I’m thrilled that Entre Ville and in absentia appear together in this collection. In many ways, they are the before and after pictures of my old neighbourhood, Mile End, Montreal, where I lived for seventeen years.

Entre Ville was commissioned in 2006 by OBORO, an artist-run centre in Montreal, on the occasion of the 50th anniversary of the Conseil des Arts de Montreal. Although I had lived in Montreal for 15 years at the time of the commission, Entre Ville was my first major work about my adopted city. It took me that long to learn the vocabulary. I don’t mean French, or Greek, Italian, Portuguese, Yiddish or any of the other languages spoken in my neighbourhood. I refer, rather, to a visual, tactile, aural, sensorial vocabulary. My home office window opens into a jumbled intimacy of back balconies, yards, gardens and alleyways. Daily my dog and I walk through this interior city sniffing out stories. Poetry is not hard to find between the long lines of peeling-paint fences plastered with notices, spray painted with bright abstractions and draped with trailing vines. Entre Ville is a web-based heat-wave poem presented in the vernacular of my neighbourhood, where cooking smells, noisy neighbours and laundry lines crisscross the alleyway one sentence at a time.

In an intimacy
born of proximity
the old Greek lady and I
go about our business.
Foul-mouthed for seventy,
her first-floor curses fill
my second-floor apartment;
her constant commentary
punctuates my day.

Six months after the launch of Entre Ville, the “star” of Entre Ville, “the old Greek lady,” was evicted from the apartment where she and her husband had lived for twenty-three years. Many long-time low-income tenants were being forced out of the neighbourhood. Fiction was the only way I felt I could give voice to their stories. Our stories – I felt certain my time would come soon enough.
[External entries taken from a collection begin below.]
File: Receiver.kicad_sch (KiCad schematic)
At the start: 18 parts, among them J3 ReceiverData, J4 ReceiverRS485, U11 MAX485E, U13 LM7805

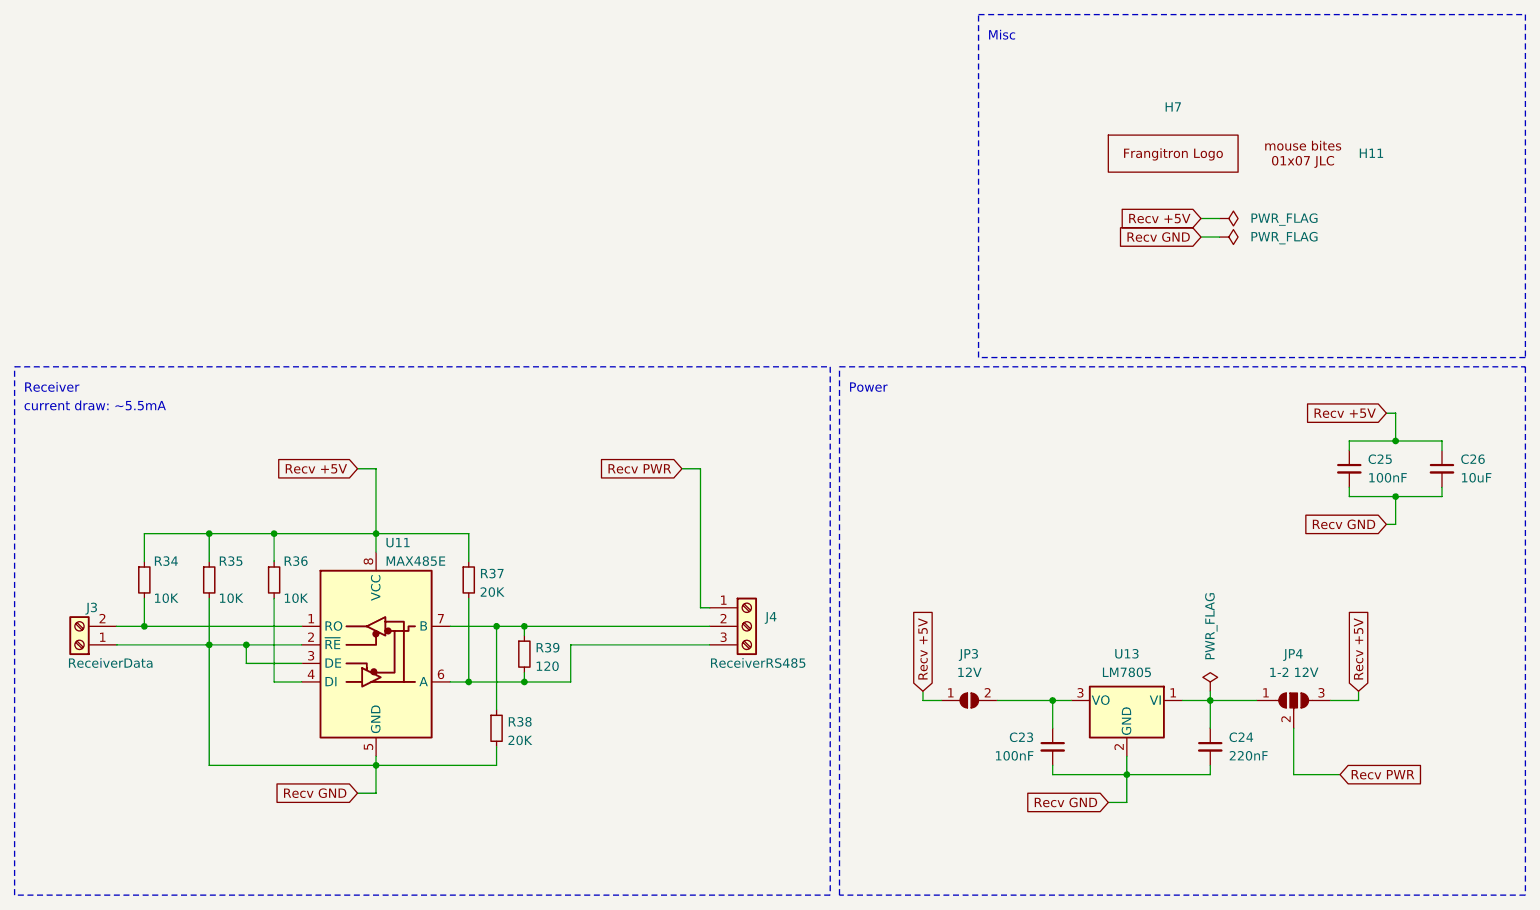
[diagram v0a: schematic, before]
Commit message: receiver layout OK, some references fixed
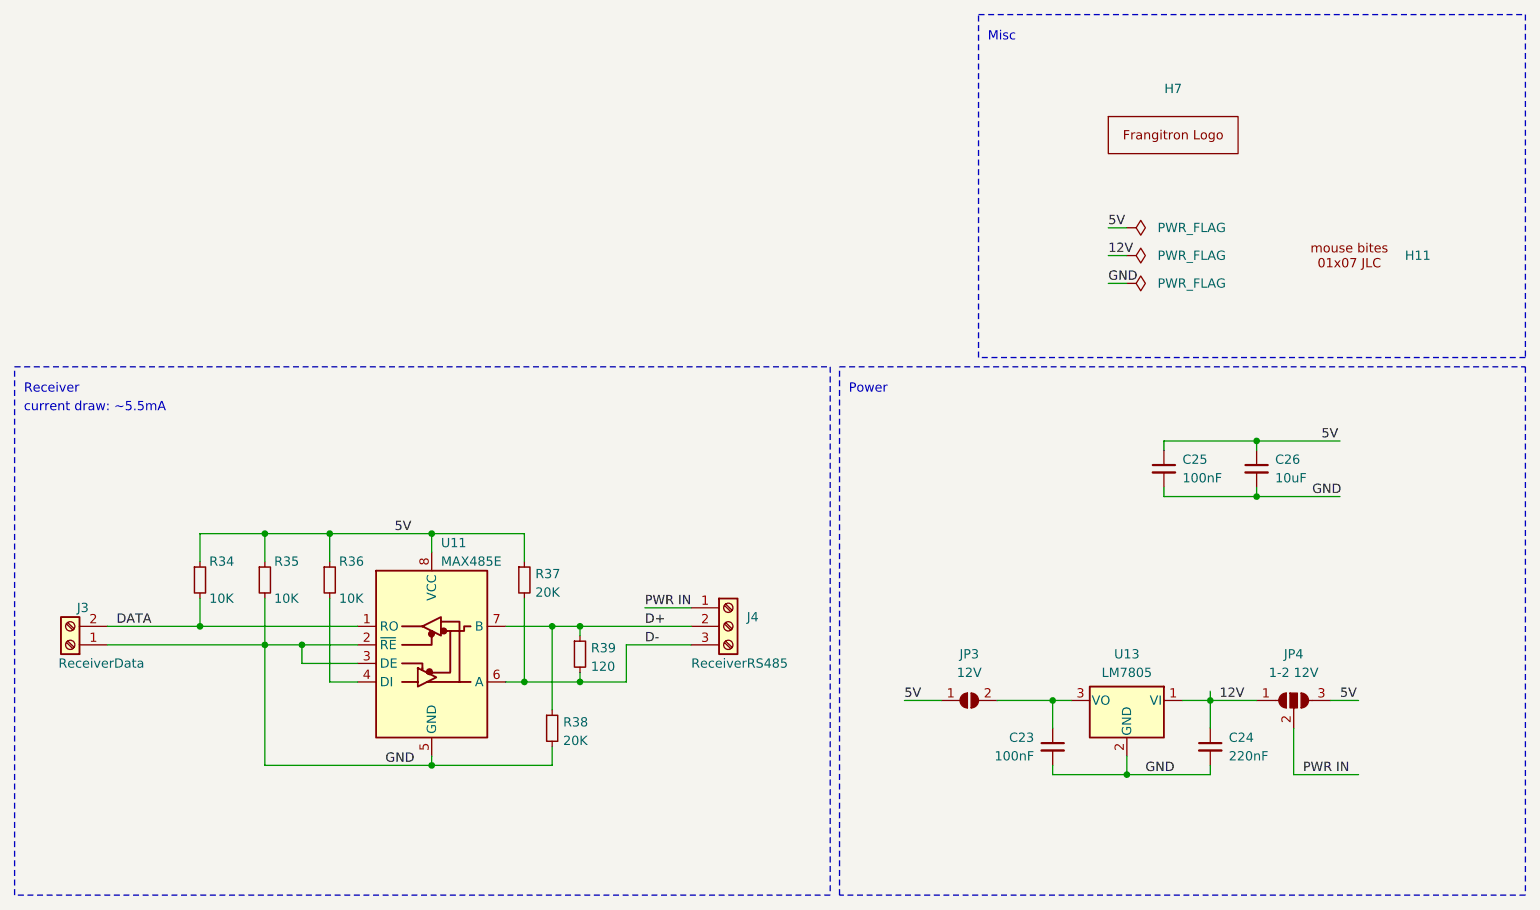
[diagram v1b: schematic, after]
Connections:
- net D+: now reaches J4.2 (Pin_2), R38.1, R39.1, U11.7 (B)
- net D-: now reaches J4.3 (Pin_3), R37.2, R39.2, U11.6 (A)
- net 12V: now reaches C24.1, JP4.1 (A), U13.1 (VI)
- net DATA: now reaches J3.2 (Pin_2), R34.2, U11.1 (RO)
- net Recv +5V renamed 5V
- net Recv GND renamed GND
- net Recv PWR renamed PWR IN
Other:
- moved on the sheet: C25, C26, H11, H7, J3, J4, R34, R35, R36, R37, R38, R39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

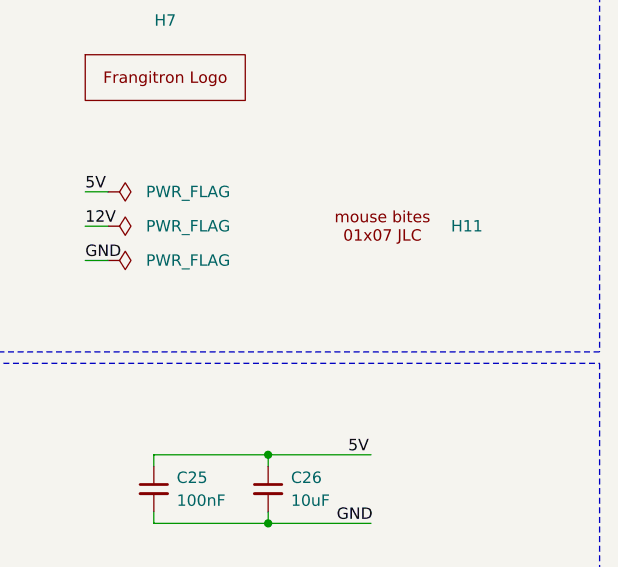
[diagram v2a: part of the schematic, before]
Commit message: panelization with only mouse bites, routing finished
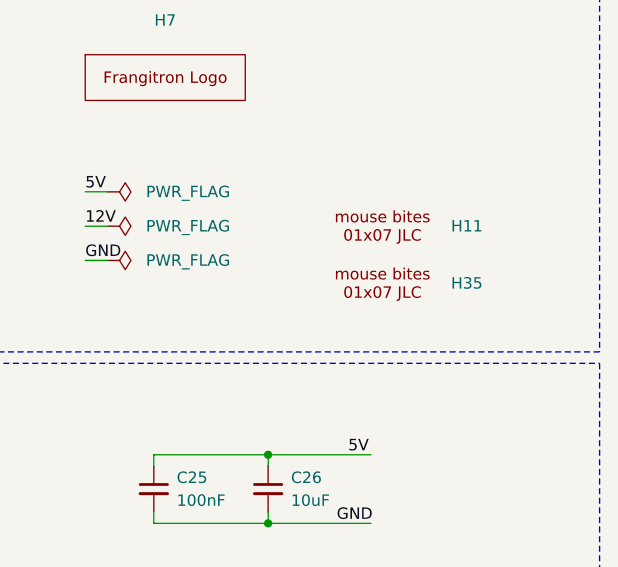
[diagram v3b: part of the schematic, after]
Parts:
- added H35: ~, Library:mouse-bites-1x07-jlc, symbol Library:mouse-bites-1x07-jlc
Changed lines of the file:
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@@
+    )
+  )
+  (symbol (lib_id "Library:mouse-bites-1x07-jlc") (at 224.79 68.58 0) (unit 1)
+    (in_bom yes) (on_board yes) (dnp no) (fields_autoplaced)
+    (property "Reference" "H35" (at 232.41 68.58 0)
+      (effects (font (size 1.27 1.27)) (justify left))
+    )
+    (property "Value" "~" (at 224.79 68.58 0)
+      (effects (font (size 1.27 1.27)))
+    )
+    (property "Footprint" "Library:mouse-bites-1x07-jlc" (at 224.79 68.58 0)
+      (effects (font (size 1.27 1.27)) hide)
+    )
+    (property "Datasheet" "" (at 224.79 68.58 0)
+      (effects (font (size 1.27 1.27)) hide)
+    )
+    (instances
+      (project "rp2040-led-board-schematics-v02"
+        (path "/c1a38541-3f06-4b3b-ba3a-decae3ac3c31/757d6d50-47c9-4cb1-8547-9b2447e826a6"
+          (reference "H35") (unit 1)
+        )
+        (path "/c1a38541-3f06-4b3b-ba3a-decae3ac3c31/c0d607bf-2e76-4853-b2ed-907dd6c894fe"
+          (reference "H36") (unit 1)
+        )
+        (path "/c1a38541-3f06-4b3b-ba3a-decae3ac3c31/45693edd-6dc6-41b8-8b1c-a9a8e5afcadf"
+          (reference "H37") (unit 1)
+        )
+        (path "/c1a38541-3f06-4b3b-ba3a-decae3ac3c31/50d6fe7a-2d25-4b6a-8e40-e76ae84b788d"
+          (reference "H38") (unit 1)
+        )
+        (path "/c1a38541-3f06-4b3b-ba3a-decae3ac3c31/62e0dde2-ad5d-4205-a74c-f24b413f3931"
+          (reference "H39") (unit 1)
+        )
+        (path "/c1a38541-3f06-4b3b-ba3a-decae3ac3c31/25bef58f-ca62-4f18-ad32-cc60a54b91e0"
+          (reference "H40") (unit 1)
+        )
+        (path "/c1a38541-3f06-4b3b-ba3a-decae3ac3c31/507a174b-d652-466e-bcdb-3655449e938c"
+          (reference "H41") (unit 1)
+        )
+        (path "/c1a38541-3f06-4b3b-ba3a-decae3ac3c31/ceb5b469-5e62-41bb-a8f0-8c2a1861cc28"
+          (reference "H42") (unit 1)
+        )
+      )
     )
   )

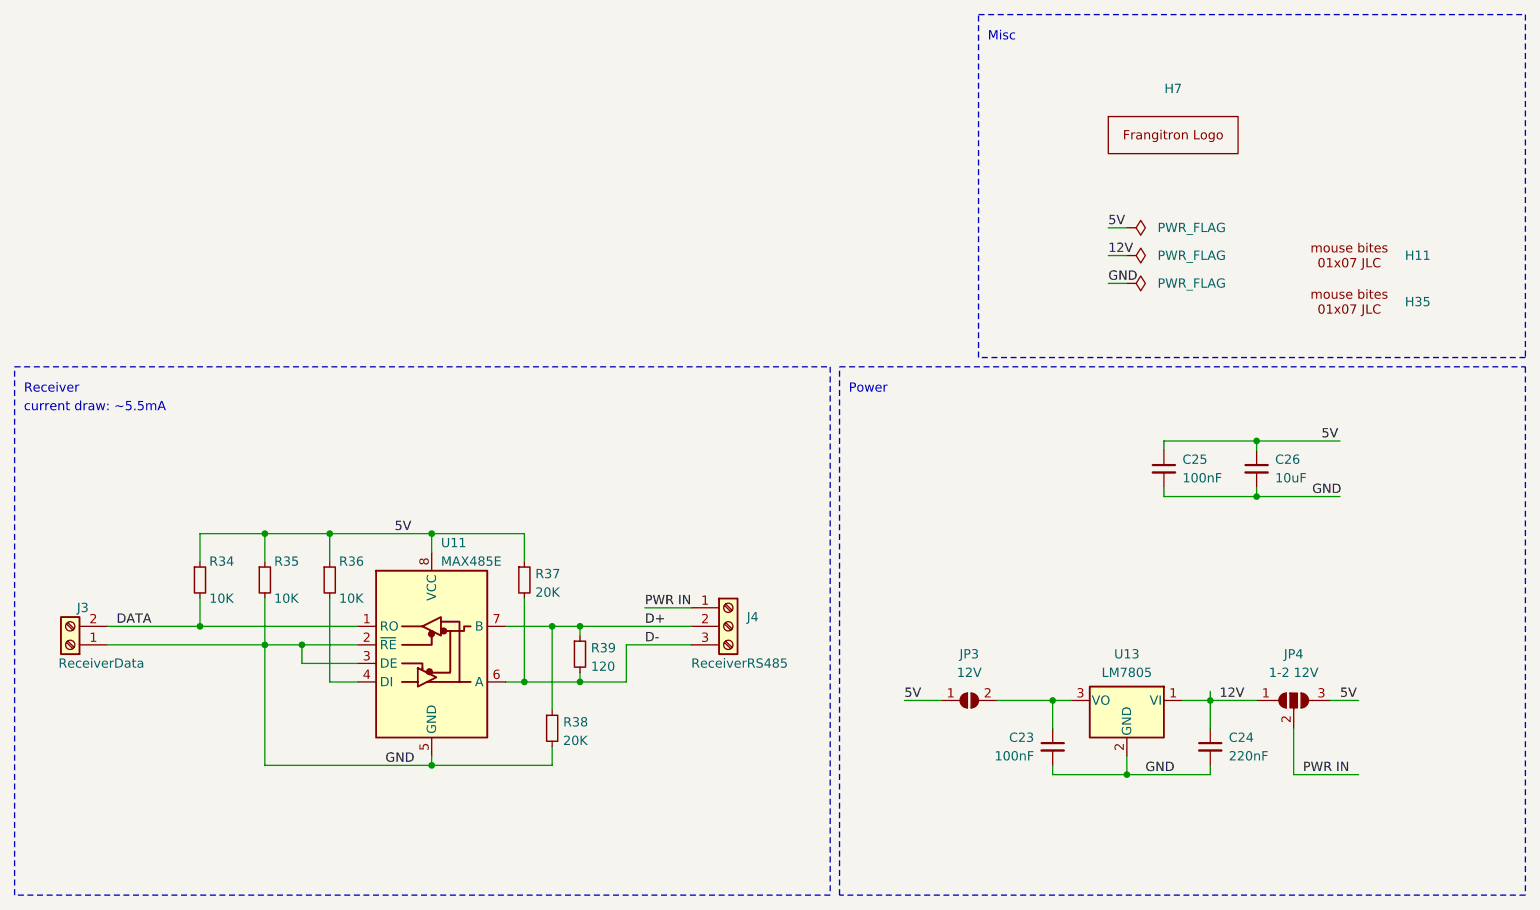
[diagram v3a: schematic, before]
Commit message: Geographically reannotate
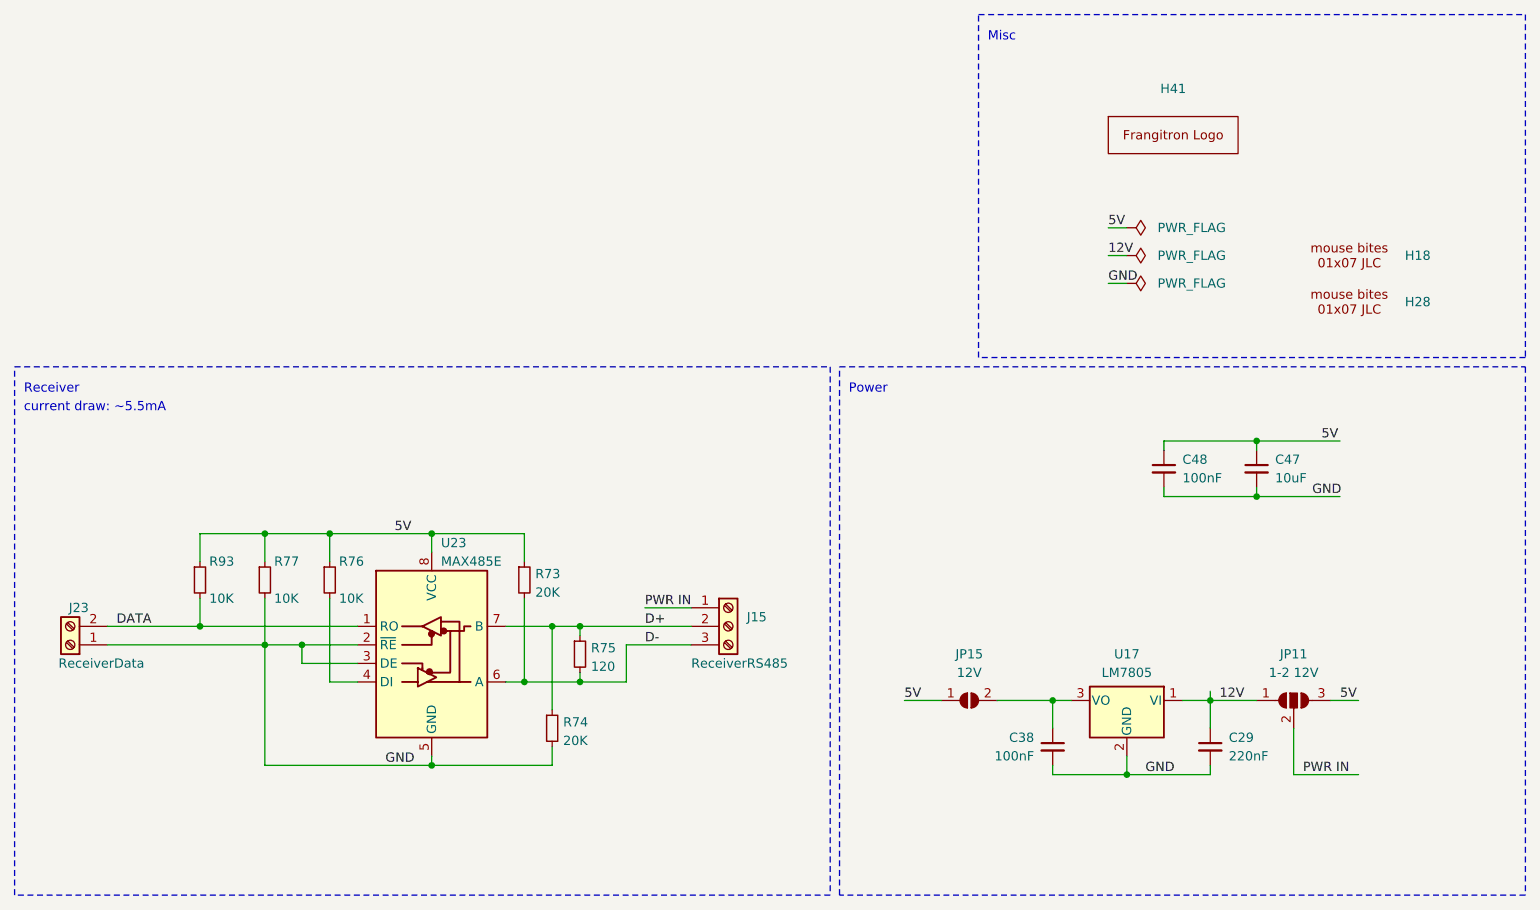
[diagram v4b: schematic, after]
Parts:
- C47: renamed from C26; footprint Capacitor_SMD:C_0402_1005Metric -> Capacitor_SMD:C_0603_1608Metric
- renumbered C24 to C29, C23 to C38, C25 to C48, H11 to H18, H35 to H28, H7 to H41, J4 to J15, J3 to J23, JP4 to JP11, JP3 to JP15, R37 to R73, R38 to R74, R39 to R75, R36 to R76, R35 to R77, R34 to R93, U13 to U17, U11 to U23

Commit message: fix power sources, update reveivers accordingly (main board PCB not updated yet)
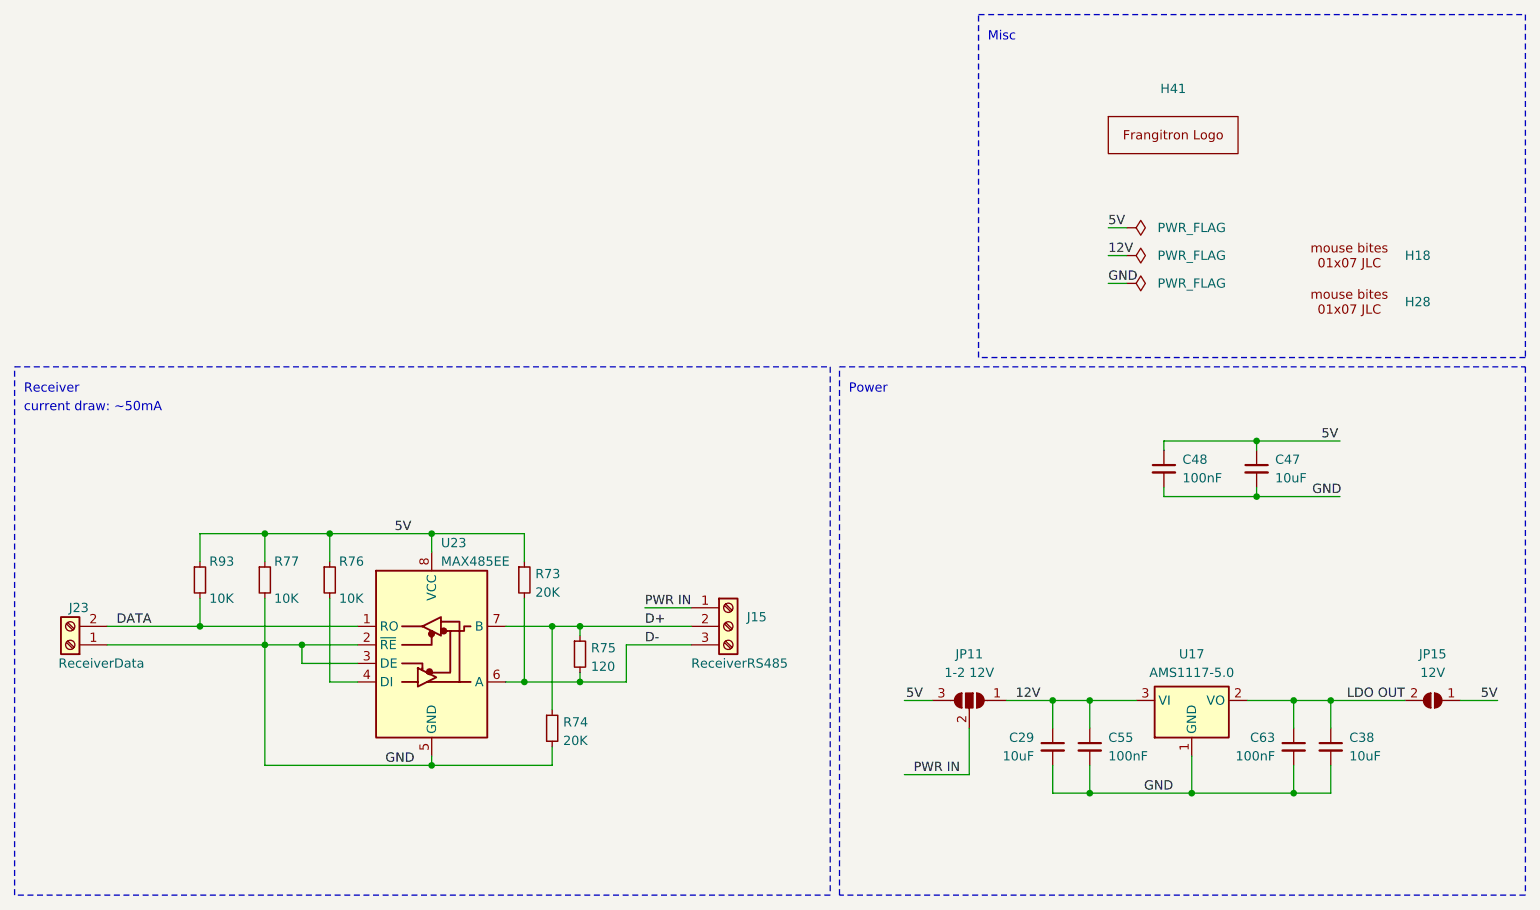
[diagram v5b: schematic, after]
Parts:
- removed U17: LM7805, Package_TO_SOT_SMD:SOT-223, symbol Regulator_Linear:LM7805_TO220
- added C55, C63: 100nF, Capacitor_SMD:C_0603_1608Metric, symbol Device:C_Small
- added U17: AMS1117-5.0, Package_TO_SOT_SMD:SOT-223-3_TabPin2, symbol Regulator_Linear:AMS1117-5.0
- C29: value 220nF -> 10uF; LCSC Part # C1525 -> (none); LCSC Part Number C1525 -> (none)
- C38: value 100nF -> 10uF; LCSC Part # C1525 -> (none); LCSC Part Number C1525 -> (none)
- C47, C48: LCSC Part # C1525 -> (none); LCSC Part Number C1525 -> (none)
- R73, R74, R75: LCSC Part # C4328 -> (none); LCSC Part Number C4328 -> (none)
- R76, R77, R93: LCSC Part # C15401 -> (none); LCSC Part Number C15401 -> (none)
- U23: value MAX485E -> MAX485EE
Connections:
- net 12V: now also C55.1, U17.3 (VI)
- net GND: now also C55.2, C63.2, U17.1 (GND)
- net LDO OUT: now reaches C38.1, JP15.2 (B)
- net LDO OUT: now also C63.1, U17.2 (VO)
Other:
- note added: "current draw: ~50mA"
- note removed: "current draw: ~5.5mA"
- moved on the sheet: C29, C38, JP11, JP15

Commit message: should be ready to find parts
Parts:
- removed C47: 10uF, Capacitor_SMD:C_0603_1608Metric, symbol Device:C_Small
- removed C48: 100nF, Capacitor_SMD:C_0603_1608Metric, symbol Device:C_Small
- added C16: 100nF, Capacitor_SMD:C_0603_1608Metric, symbol Device:C_Small
- added C19: 10uF, Capacitor_SMD:C_0603_1608Metric, symbol Device:C_Small
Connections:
- net 5V: now also C16.1, C19.1
- net GND: now also C16.2, C19.2

in absentia is a multi-authored multi-lingual site-specific web-based writing project which addresses issues of gentrification and its erasures in the Mile End neighbourhood of Montreal. Faced with imminent eviction, I began to write as if I was no longer there, about a Mile End that was no longer there. I manipulated the Google Maps API to populated “real” satellite images of my neighbourhood with “fictional” characters and events. in absentia is a web “site” haunted by the stories of former residents of Mile End, a slightly fantastical world, a shared memory of the neighbourhood as it never really was but as it could have been. in absentia was created in 2008 with the support of the Canada Council for the Arts. It was presented by DARE-DARE Centre de diffusion d’art multidisciplinaire de Montréal. It launched June 24, 2008. New stories were added over the summer, in English and French. A closing party was held in conjunction with the launch of my novel, Words the Dog Knows, (conundrum press), at Sky Blue Door, November 7, 2008.

This is the second collection published by the Electronic Literature Organization. The Electronic Literature Collection Volume One, edited by N. Katherine Hayles, Nick Montfort, Scott Rettberg and Stephanie Strickland, also included one of my works – The Cape. The long-awaited Electronic Literature Collection Volume Two, edited by Laura Borràs, Talan Memmott, Rita Raley, and Brian Kim Stefans, includes 63 works from Austria, Australia, Catalonia, Canada, Colombia, France, Germany, Israel, The Netherlands, Portugal, Peru, Spain, UK, and USA; written in Catalan, Dutch, English, French, German, Portuguese, and Spanish; Flash, Processing, Java, JavaScript, Inform, HTML, and C++.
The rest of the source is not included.